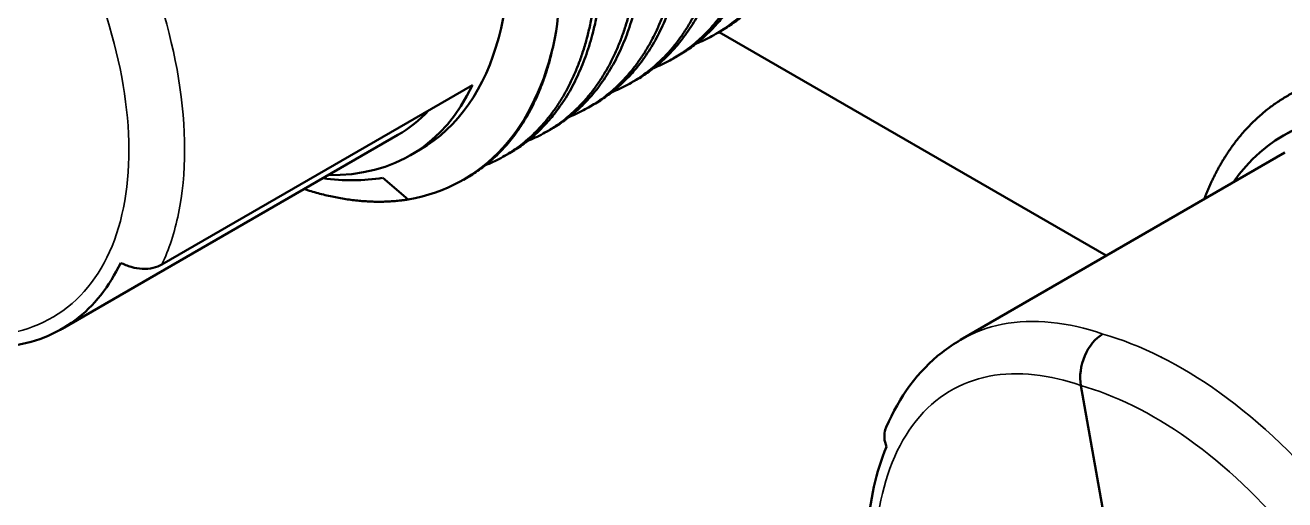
# Model space of a CAD drawing. Header units: millimetres. Extents: x 0 to 841, y 0 to 594.
# Drawn here: x 281.61 to 297.43, y 238.95 to 244.91 of the extents above; entities that cross this region are included whole.
import ezdxf

# ---------------------------------------------------------------- set-up
doc = ezdxf.new("R2010")
doc.units = ezdxf.units.MM
doc.layers.add('Visible (ISO)', color=7, linetype='Continuous', lineweight=50)
doc.layers.add('Visible Narrow (ISO)', color=7, linetype='Continuous', lineweight=35)

msp = doc.modelspace()

# ---------------------------------------------------------------- linework, layer by layer
at = {"layer": 'Visible (ISO)'}
for p, q in [((283.422, 244.784), (283.422, 244.784)), ((290.342, 244.838), (290.275, 244.8)), ((295.186, 242.02), (290.323, 244.827)), ((283.449, 244.671), (283.449, 244.671)), ((289.811, 244.532), (289.745, 244.494)), ((283.497, 244.446), (283.497, 244.446)), ((283.499, 244.437), (283.499, 244.437)), ((283.325, 241.909), (287.224, 244.16)), ((289.281, 244.226), (289.215, 244.188)), ((288.751, 243.92), (288.684, 243.881)), ((286.288, 243.537), (282.071, 241.102)), ((288.22, 243.613), (288.154, 243.575)), ((297.411, 243.528), (297.499, 243.579)), ((286.566, 243.351), (286.445, 243.282)), ((287.69, 243.307), (287.624, 243.269)), ((297.429, 243.315), (293.355, 240.962)), ((286.097, 242.999), (286.419, 242.726)), ((287.16, 243.001), (287.111, 242.973)), ((294.869, 240.389), (295.185, 238.597)), ((296.971, 240.023), (296.971, 240.023)), ((297.048, 239.958), (297.048, 239.958)), ((297.248, 239.782), (297.248, 239.781)), ((297.371, 239.666), (297.371, 239.666))]:
    msp.add_line(p, q, dxfattribs=at)
for centre, major_axis, ratio, start_param, end_param in [((283.866, 248.028), (2.7, -4.677), 0.57735, 0, 3.141593), ((284.107, 248.067), (-3.034, 5.132), 0.572603, 3.727402, 4.052143), ((284.111, 248.169), (3, -5.196), 0.57735, 6.073022, 6.85842), ((283.616, 247.883), (-2.891, 4.564), 0.56999, 2.783291, 3.491428), ((283.616, 247.883), (-2.731, 4.311), 0.56999, 3.118188, 3.286168), ((300.209, 238.684), (-2.797, 4.845), 0.57735, 5.943105, 6.547349), ((282.419, 247.192), (2.142, -3.71), 0.57735, 5.901639, 5.901728), ((283.945, 248.073), (2.797, -4.845), 0.57735, 5.85975, 6.073022), ((295.222, 240.593), (-0.151, -0.477), 0.691016, 3.788013, 5.358886), ((298.682, 237.802), (2.142, -3.71), 0.57735, 3.538671, 3.53876)]:
    msp.add_ellipse(centre, major_axis=major_axis, ratio=ratio, start_param=start_param, end_param=end_param, dxfattribs=at)
for points, weights, knots in [([(290.034, 244.682), (291.054, 245.093), (291.352, 246.435), (291.509, 247.141), (291.422, 248.006)], [0.975317157489, 0.939375488354, 1, 0.967178132478, 0.962660741352], [0.661623087, 0.661623087, 0.661623087, 0.665178571, 0.665178571, 0.667103496, 0.667103496, 0.667103496]), ([(290.342, 244.838), (291.16, 245.311), (291.418, 246.474), (291.575, 247.18), (291.488, 248.045)], [0.967746185884, 0.947073909797, 1, 0.967178132478, 0.962660741352], [0.626360295, 0.626360295, 0.626360295, 0.629464286, 0.629464286, 0.631389211, 0.631389211, 0.631389211]), ([(289.503, 244.376), (290.524, 244.786), (290.822, 246.129), (290.979, 246.835), (290.891, 247.7)], [0.975317157489, 0.939375488354, 1, 0.967178132478, 0.962660741352], [0.697337373, 0.697337373, 0.697337373, 0.700892857, 0.700892857, 0.702817782, 0.702817782, 0.702817782]), ([(289.811, 244.532), (290.63, 245.005), (290.888, 246.167), (291.045, 246.874), (290.958, 247.738)], [0.967746185884, 0.947073909797, 1, 0.967178132478, 0.962660741352], [0.662074581, 0.662074581, 0.662074581, 0.665178571, 0.665178571, 0.667103496, 0.667103496, 0.667103496]), ([(288.973, 244.07), (289.993, 244.48), (290.291, 245.823), (290.448, 246.529), (290.361, 247.394)], [0.975317157489, 0.939375488354, 1, 0.967178132478, 0.962660741352], [0.733051658, 0.733051658, 0.733051658, 0.736607143, 0.736607143, 0.738532068, 0.738532068, 0.738532068]), ([(289.281, 244.226), (290.1, 244.699), (290.358, 245.861), (290.514, 246.567), (290.427, 247.432)], [0.967746185884, 0.947073909797, 1, 0.967178132478, 0.962660741352], [0.697788867, 0.697788867, 0.697788867, 0.700892857, 0.700892857, 0.702817782, 0.702817782, 0.702817782]), ([(288.443, 243.764), (289.463, 244.174), (289.761, 245.517), (289.918, 246.223), (289.831, 247.088)], [0.975317157489, 0.939375488354, 1, 0.967178132478, 0.962660741352], [0.768765944, 0.768765944, 0.768765944, 0.772321429, 0.772321429, 0.774246354, 0.774246354, 0.774246354]), ([(288.751, 243.92), (289.569, 244.392), (289.827, 245.555), (289.984, 246.261), (289.897, 247.126)], [0.967746185884, 0.947073909797, 1, 0.967178132478, 0.962660741352], [0.733503153, 0.733503153, 0.733503153, 0.736607143, 0.736607143, 0.738532068, 0.738532068, 0.738532068]), ([(287.912, 243.458), (288.933, 243.868), (289.231, 245.211), (289.388, 245.917), (289.3, 246.782)], [0.975317157489, 0.939375488354, 1, 0.967178132478, 0.962660741352], [0.80448023, 0.80448023, 0.80448023, 0.808035714, 0.808035714, 0.809960639, 0.809960639, 0.809960639]), ([(288.22, 243.613), (289.039, 244.086), (289.297, 245.249), (289.454, 245.955), (289.367, 246.82)], [0.967746185884, 0.947073909797, 1, 0.967178132478, 0.962660741352], [0.769217438, 0.769217438, 0.769217438, 0.772321429, 0.772321429, 0.774246354, 0.774246354, 0.774246354]), ([(287.382, 243.152), (288.402, 243.562), (288.7, 244.904), (288.857, 245.61), (288.77, 246.475)], [0.975317157489, 0.939375488354, 1, 0.967178132478, 0.962660741352], [0.840194516, 0.840194516, 0.840194516, 0.84375, 0.84375, 0.845674925, 0.845674925, 0.845674925]), ([(287.69, 243.307), (288.509, 243.78), (288.767, 244.943), (288.923, 245.649), (288.836, 246.514)], [0.967746185884, 0.947073909797, 1, 0.967178132478, 0.962660741352], [0.804931724, 0.804931724, 0.804931724, 0.808035714, 0.808035714, 0.809960639, 0.809960639, 0.809960639]), ([(287.16, 243.001), (287.978, 243.474), (288.236, 244.637), (288.249, 244.693), (288.26, 244.751)], [0.967746185884, 0.947073909797, 1, 0.997276051288, 0.994747053995], [0.84064601, 0.84064601, 0.84064601, 0.84375, 0.84375, 0.843909753, 0.843909753, 0.843909753]), ([(297.833, 244.195), (297.252, 243.994), (296.852, 243.502), (296.585, 243.172), (296.416, 242.73)], [0.962660741352, 0.967178132478, 1, 0.977780882754, 0.968533025078], [0.868610789, 0.868610789, 0.868610789, 0.870535714, 0.870535714, 0.871838813, 0.871838813, 0.871838813]), ([(285.109, 242.857), (285.756, 242.646), (286.323, 242.713), (286.371, 242.718), (286.419, 242.726)], [0.963312375195, 0.969167616356, 1, 0.997276051291, 0.994747054001], [0.873191753, 0.873191753, 0.873191753, 0.875, 0.875, 0.875159753, 0.875159753, 0.875159753])]:
    msp.add_rational_spline(points, weights, degree=2, knots=knots, dxfattribs=at)
for points, knots in [([(282.806, 241.932), (282.666, 241.632), (282.472, 241.388), (281.995, 241.031), (281.713, 240.921), (281.085, 240.842), (280.743, 240.874), (280.022, 241.078), (279.649, 241.249), (279.275, 241.484)], [-0.6244093, -0.6244093, -0.6244093, -0.6244093, -0.4678575, -0.4678575, -0.3116714, -0.3116714, -0.1560291, -0.1560291, -0.0000149, -0.0000149, -0.0000149, -0.0000149]), ([(283.324, 241.909), (283.291, 241.89), (283.254, 241.876), (283.171, 241.857), (283.125, 241.853), (283.032, 241.857), (282.985, 241.865), (282.893, 241.891), (282.848, 241.909), (282.806, 241.932)], [0, 0, 0, 0, 0.01398509, 0.01398509, 0.0290199, 0.0290199, 0.04364288, 0.04364288, 0.05803471, 0.05803471, 0.05803471, 0.05803471]), ([(292.423, 239.868), (292.584, 240.245), (292.823, 240.572), (293.197, 240.863), (293.275, 240.915), (293.355, 240.962)], [0, 0, 0, 0, 0.172056, 0.172056, 0.2141539, 0.2141539, 0.2141539, 0.2141539]), ([(292.426, 239.619), (292.411, 239.657), (292.402, 239.696), (292.398, 239.772), (292.403, 239.809), (292.417, 239.852), (292.42, 239.86), (292.423, 239.868)], [0.00002012, 0.00002012, 0.00002012, 0.00002012, 0.01441187, 0.01441187, 0.02903476, 0.02903476, 0.03240517, 0.03240517, 0.03240517, 0.03240517]), ([(292.466, 236.418), (292.383, 236.696), (292.318, 236.972), (292.189, 237.703), (292.161, 238.142), (292.214, 238.948), (292.295, 239.31), (292.426, 239.619)], [-0.4033015, -0.4033015, -0.4033015, -0.4033015, -0.3116714, -0.3116714, -0.1560291, -0.1560291, -0.0000149, -0.0000149, -0.0000149, -0.0000149])]:
    msp.add_open_spline(points, degree=3, knots=knots, dxfattribs=at)
at = {"layer": 'Visible Narrow (ISO)'}
for points, knots in [([(282.987, 246.052), (283.242, 245.466), (283.435, 244.842), (283.533, 244.246), (283.635, 243.626), (283.633, 243.039), (283.532, 242.549), (283.484, 242.313), (283.413, 242.099), (283.324, 241.909)], [1.5707963, 1.5707963, 1.5707963, 1.5707963, 1.9485208, 1.9485208, 1.9485208, 2.3414719, 2.3414719, 2.3414719, 2.5307274, 2.5307274, 2.5307274, 2.5307274]), ([(278.136, 242.518), (278.291, 242.363), (278.449, 242.217), (278.611, 242.082), (279.073, 241.696), (279.557, 241.404), (280.007, 241.228), (280.493, 241.039), (280.939, 240.984), (281.305, 241.031), (281.672, 241.077), (282.025, 241.234), (282.302, 241.52), (282.559, 241.786), (282.748, 242.163), (282.841, 242.62), (282.934, 243.076), (282.93, 243.61), (282.838, 244.157), (282.744, 244.719), (282.56, 245.291), (282.331, 245.81)], [2.211283, 2.211283, 2.211283, 2.211283, 2.345441, 2.345441, 2.345441, 2.728787, 2.728787, 2.728787, 3.141593, 3.141593, 3.141593, 3.554398, 3.554398, 3.554398, 3.937744, 3.937744, 3.937744, 4.321733, 4.321733, 4.321733, 4.71595, 4.71595, 4.71595, 4.71595]), ([(293.356, 240.961), (293.516, 241.054), (293.693, 241.121), (293.881, 241.158), (294.27, 241.235), (294.708, 241.187), (295.144, 241.036)], [4.1520656, 4.1520656, 4.1520656, 4.1520656, 4.3346645, 4.3346645, 4.3346645, 4.712389, 4.712389, 4.712389, 4.712389]), ([(295.144, 241.036), (295.61, 240.903), (296.117, 240.654), (296.614, 240.298), (297.132, 239.927), (297.636, 239.442), (298.073, 238.901), (298.283, 238.641), (298.478, 238.368), (298.654, 238.091)], [1.5707963, 1.5707963, 1.5707963, 1.5707963, 1.9485208, 1.9485208, 1.9485208, 2.3414719, 2.3414719, 2.3414719, 2.5307274, 2.5307274, 2.5307274, 2.5307274]), ([(294.869, 240.389), (294.483, 240.525), (294.08, 240.578), (293.715, 240.506), (293.358, 240.436), (293.039, 240.247), (292.798, 239.947), (292.558, 239.648), (292.397, 239.241), (292.324, 238.778), (292.247, 238.28), (292.272, 237.72), (292.367, 237.182), (292.408, 236.952), (292.464, 236.709), (292.537, 236.457)], [1.567235, 1.567235, 1.567235, 1.567235, 1.961453, 1.961453, 1.961453, 2.345441, 2.345441, 2.345441, 2.728787, 2.728787, 2.728787, 3.141593, 3.141593, 3.141593, 3.317762, 3.317762, 3.317762, 3.317762]), ([(299.222, 234.44), (299.209, 234.643), (299.184, 234.846), (299.149, 235.047), (299.054, 235.585), (298.866, 236.196), (298.577, 236.81), (298.309, 237.38), (297.954, 237.949), (297.547, 238.452), (297.138, 238.956), (296.678, 239.391), (296.219, 239.717), (295.749, 240.053), (295.282, 240.273), (294.869, 240.389)], [2.987962, 2.987962, 2.987962, 2.987962, 3.141593, 3.141593, 3.141593, 3.554398, 3.554398, 3.554398, 3.937744, 3.937744, 3.937744, 4.321733, 4.321733, 4.321733, 4.71595, 4.71595, 4.71595, 4.71595])]:
    msp.add_open_spline(points, degree=3, knots=knots, dxfattribs=at)

doc.saveas('drawing.dxf')

Exercise prompt -
Everything above from the line with "doc.units = ezdxf.units.MM" to the line with "start_param=start_param, end_param=end_param, dxfattribs=at)", both included, must be repeated exactly, and nothing outside that range.

Result of this task -
doc.units = ezdxf.units.MM
doc.layers.add('Visible (ISO)', color=7, linetype='Continuous', lineweight=50)
doc.layers.add('Visible Narrow (ISO)', color=7, linetype='Continuous', lineweight=35)

msp = doc.modelspace()

# ---------------------------------------------------------------- linework, layer by layer
at = {"layer": 'Visible (ISO)'}
for p, q in [((283.422, 244.784), (283.422, 244.784)), ((290.342, 244.838), (290.275, 244.8)), ((295.186, 242.02), (290.323, 244.827)), ((283.449, 244.671), (283.449, 244.671)), ((289.811, 244.532), (289.745, 244.494)), ((283.497, 244.446), (283.497, 244.446)), ((283.499, 244.437), (283.499, 244.437)), ((283.325, 241.909), (287.224, 244.16)), ((289.281, 244.226), (289.215, 244.188)), ((288.751, 243.92), (288.684, 243.881)), ((286.288, 243.537), (282.071, 241.102)), ((288.22, 243.613), (288.154, 243.575)), ((297.411, 243.528), (297.499, 243.579)), ((286.566, 243.351), (286.445, 243.282)), ((287.69, 243.307), (287.624, 243.269)), ((297.429, 243.315), (293.355, 240.962)), ((286.097, 242.999), (286.419, 242.726)), ((287.16, 243.001), (287.111, 242.973)), ((294.869, 240.389), (295.185, 238.597)), ((296.971, 240.023), (296.971, 240.023)), ((297.048, 239.958), (297.048, 239.958)), ((297.248, 239.782), (297.248, 239.781)), ((297.371, 239.666), (297.371, 239.666))]:
    msp.add_line(p, q, dxfattribs=at)
for centre, major_axis, ratio, start_param, end_param in [((283.866, 248.028), (2.7, -4.677), 0.57735, 0, 3.141593), ((284.107, 248.067), (-3.034, 5.132), 0.572603, 3.727402, 4.052143), ((284.111, 248.169), (3, -5.196), 0.57735, 6.073022, 6.85842), ((283.616, 247.883), (-2.891, 4.564), 0.56999, 2.783291, 3.491428), ((283.616, 247.883), (-2.731, 4.311), 0.56999, 3.118188, 3.286168), ((300.209, 238.684), (-2.797, 4.845), 0.57735, 5.943105, 6.547349), ((282.419, 247.192), (2.142, -3.71), 0.57735, 5.901639, 5.901728), ((283.945, 248.073), (2.797, -4.845), 0.57735, 5.85975, 6.073022), ((295.222, 240.593), (-0.151, -0.477), 0.691016, 3.788013, 5.358886), ((298.682, 237.802), (2.142, -3.71), 0.57735, 3.538671, 3.53876)]:
    msp.add_ellipse(centre, major_axis=major_axis, ratio=ratio, start_param=start_param, end_param=end_param, dxfattribs=at)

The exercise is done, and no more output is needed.